■ Exercise goal ■
Copy the lines verbatim, beginning with the line that contains "#1653 = PLANE" and continuing through the end of the data, and only those lines.

■ Data to examine ■

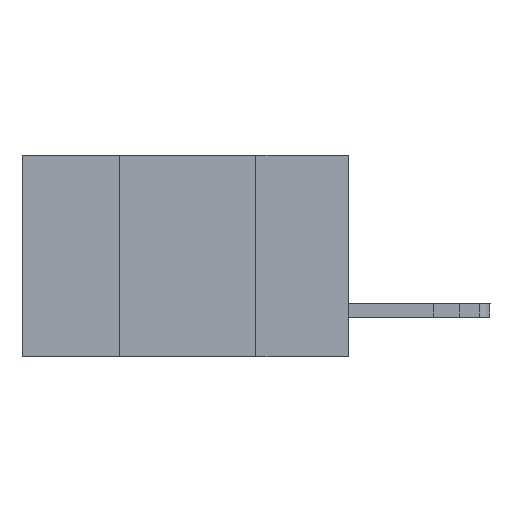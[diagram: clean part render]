
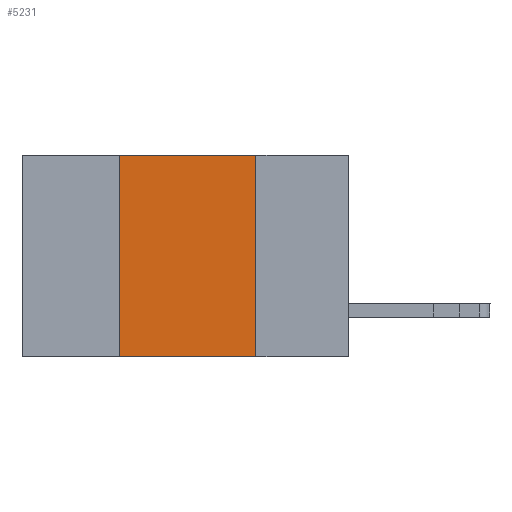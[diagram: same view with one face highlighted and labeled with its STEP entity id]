
A CAD part, left-side view. The second image highlights one B-rep face of the part: STEP entity #5231.
In plain terms, the highlighted planar face has unit normal (-1, 0, 0).
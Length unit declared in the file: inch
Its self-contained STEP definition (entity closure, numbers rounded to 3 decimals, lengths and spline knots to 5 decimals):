
#31 = DIRECTION ( 'NONE',  ( 0., 0., 1. ) ) ;
#167 = LINE ( 'NONE', #12475, #6209 ) ;
#203 = CARTESIAN_POINT ( 'NONE',  ( 0., 0.42, -0.37 ) ) ;
#230 = ORIENTED_EDGE ( 'NONE', *, *, #10368, .F. ) ;
#944 = EDGE_LOOP ( 'NONE', ( #2887, #230, #1884, #8853 ) ) ;
#1653 = PLANE ( 'NONE',  #13174 ) ;
#1884 = ORIENTED_EDGE ( 'NONE', *, *, #8802, .F. ) ;
#2441 = CARTESIAN_POINT ( 'NONE',  ( 0., 0.6, -0.37 ) ) ;
#2843 = EDGE_CURVE ( 'NONE', #5966, #5972, #8189, .T. ) ;
#2887 = ORIENTED_EDGE ( 'NONE', *, *, #2843, .F. ) ;
#3228 = LINE ( 'NONE', #2441, #12323 ) ;
#3772 = CARTESIAN_POINT ( 'NONE',  ( 0., 0.17, 0. ) ) ;
#3905 = VERTEX_POINT ( 'NONE', #203 ) ;
#4316 = CARTESIAN_POINT ( 'NONE',  ( 0., 0.42, 0. ) ) ;
#4913 = CARTESIAN_POINT ( 'NONE',  ( 0., 0.17, 0. ) ) ;
#5231 = ADVANCED_FACE ( 'NONE', ( #10361 ), #1653, .F. ) ;
#5966 = VERTEX_POINT ( 'NONE', #3772 ) ;
#5972 = VERTEX_POINT ( 'NONE', #10875 ) ;
#6209 = VECTOR ( 'NONE', #10398, 39.37008 ) ;
#6253 = VECTOR ( 'NONE', #31, 39.37008 ) ;
#6825 = DIRECTION ( 'NONE',  ( 0., 0., -1. ) ) ;
#6909 = CARTESIAN_POINT ( 'NONE',  ( 0., 0.6, 0. ) ) ;
#8189 = LINE ( 'NONE', #4913, #13259 ) ;
#8802 = EDGE_CURVE ( 'NONE', #3905, #12385, #11271, .T. ) ;
#8853 = ORIENTED_EDGE ( 'NONE', *, *, #12529, .T. ) ;
#10361 = FACE_OUTER_BOUND ( 'NONE', #944, .T. ) ;
#10368 = EDGE_CURVE ( 'NONE', #12385, #5966, #167, .T. ) ;
#10398 = DIRECTION ( 'NONE',  ( 0., -1., 0. ) ) ;
#10812 = DIRECTION ( 'NONE',  ( 0., -1., 0. ) ) ;
#10875 = CARTESIAN_POINT ( 'NONE',  ( 0., 0.17, -0.37 ) ) ;
#11114 = DIRECTION ( 'NONE',  ( 1., 0., 0. ) ) ;
#11271 = LINE ( 'NONE', #13375, #6253 ) ;
#12066 = DIRECTION ( 'NONE',  ( 0., 0., -1. ) ) ;
#12323 = VECTOR ( 'NONE', #10812, 39.37008 ) ;
#12385 = VERTEX_POINT ( 'NONE', #4316 ) ;
#12475 = CARTESIAN_POINT ( 'NONE',  ( 0., 0.6, 0. ) ) ;
#12529 = EDGE_CURVE ( 'NONE', #3905, #5972, #3228, .T. ) ;
#13174 = AXIS2_PLACEMENT_3D ( 'NONE', #6909, #11114, #6825 ) ;
#13259 = VECTOR ( 'NONE', #12066, 39.37008 ) ;
#13375 = CARTESIAN_POINT ( 'NONE',  ( 0., 0.42, 0. ) ) ;

■ Written reply ■
#1653 = PLANE ( 'NONE',  #13174 ) ;
#1884 = ORIENTED_EDGE ( 'NONE', *, *, #8802, .F. ) ;
#2441 = CARTESIAN_POINT ( 'NONE',  ( 0., 0.6, -0.37 ) ) ;
#2843 = EDGE_CURVE ( 'NONE', #5966, #5972, #8189, .T. ) ;
#2887 = ORIENTED_EDGE ( 'NONE', *, *, #2843, .F. ) ;
#3228 = LINE ( 'NONE', #2441, #12323 ) ;
#3772 = CARTESIAN_POINT ( 'NONE',  ( 0., 0.17, 0. ) ) ;
#3905 = VERTEX_POINT ( 'NONE', #203 ) ;
#4316 = CARTESIAN_POINT ( 'NONE',  ( 0., 0.42, 0. ) ) ;
#4913 = CARTESIAN_POINT ( 'NONE',  ( 0., 0.17, 0. ) ) ;
#5231 = ADVANCED_FACE ( 'NONE', ( #10361 ), #1653, .F. ) ;
#5966 = VERTEX_POINT ( 'NONE', #3772 ) ;
#5972 = VERTEX_POINT ( 'NONE', #10875 ) ;
#6209 = VECTOR ( 'NONE', #10398, 39.37008 ) ;
#6253 = VECTOR ( 'NONE', #31, 39.37008 ) ;
#6825 = DIRECTION ( 'NONE',  ( 0., 0., -1. ) ) ;
#6909 = CARTESIAN_POINT ( 'NONE',  ( 0., 0.6, 0. ) ) ;
#8189 = LINE ( 'NONE', #4913, #13259 ) ;
#8802 = EDGE_CURVE ( 'NONE', #3905, #12385, #11271, .T. ) ;
#8853 = ORIENTED_EDGE ( 'NONE', *, *, #12529, .T. ) ;
#10361 = FACE_OUTER_BOUND ( 'NONE', #944, .T. ) ;
#10368 = EDGE_CURVE ( 'NONE', #12385, #5966, #167, .T. ) ;
#10398 = DIRECTION ( 'NONE',  ( 0., -1., 0. ) ) ;
#10812 = DIRECTION ( 'NONE',  ( 0., -1., 0. ) ) ;
#10875 = CARTESIAN_POINT ( 'NONE',  ( 0., 0.17, -0.37 ) ) ;
#11114 = DIRECTION ( 'NONE',  ( 1., 0., 0. ) ) ;
#11271 = LINE ( 'NONE', #13375, #6253 ) ;
#12066 = DIRECTION ( 'NONE',  ( 0., 0., -1. ) ) ;
#12323 = VECTOR ( 'NONE', #10812, 39.37008 ) ;
#12385 = VERTEX_POINT ( 'NONE', #4316 ) ;
#12475 = CARTESIAN_POINT ( 'NONE',  ( 0., 0.6, 0. ) ) ;
#12529 = EDGE_CURVE ( 'NONE', #3905, #5972, #3228, .T. ) ;
#13174 = AXIS2_PLACEMENT_3D ( 'NONE', #6909, #11114, #6825 ) ;
#13259 = VECTOR ( 'NONE', #12066, 39.37008 ) ;
#13375 = CARTESIAN_POINT ( 'NONE',  ( 0., 0.42, 0. ) ) ;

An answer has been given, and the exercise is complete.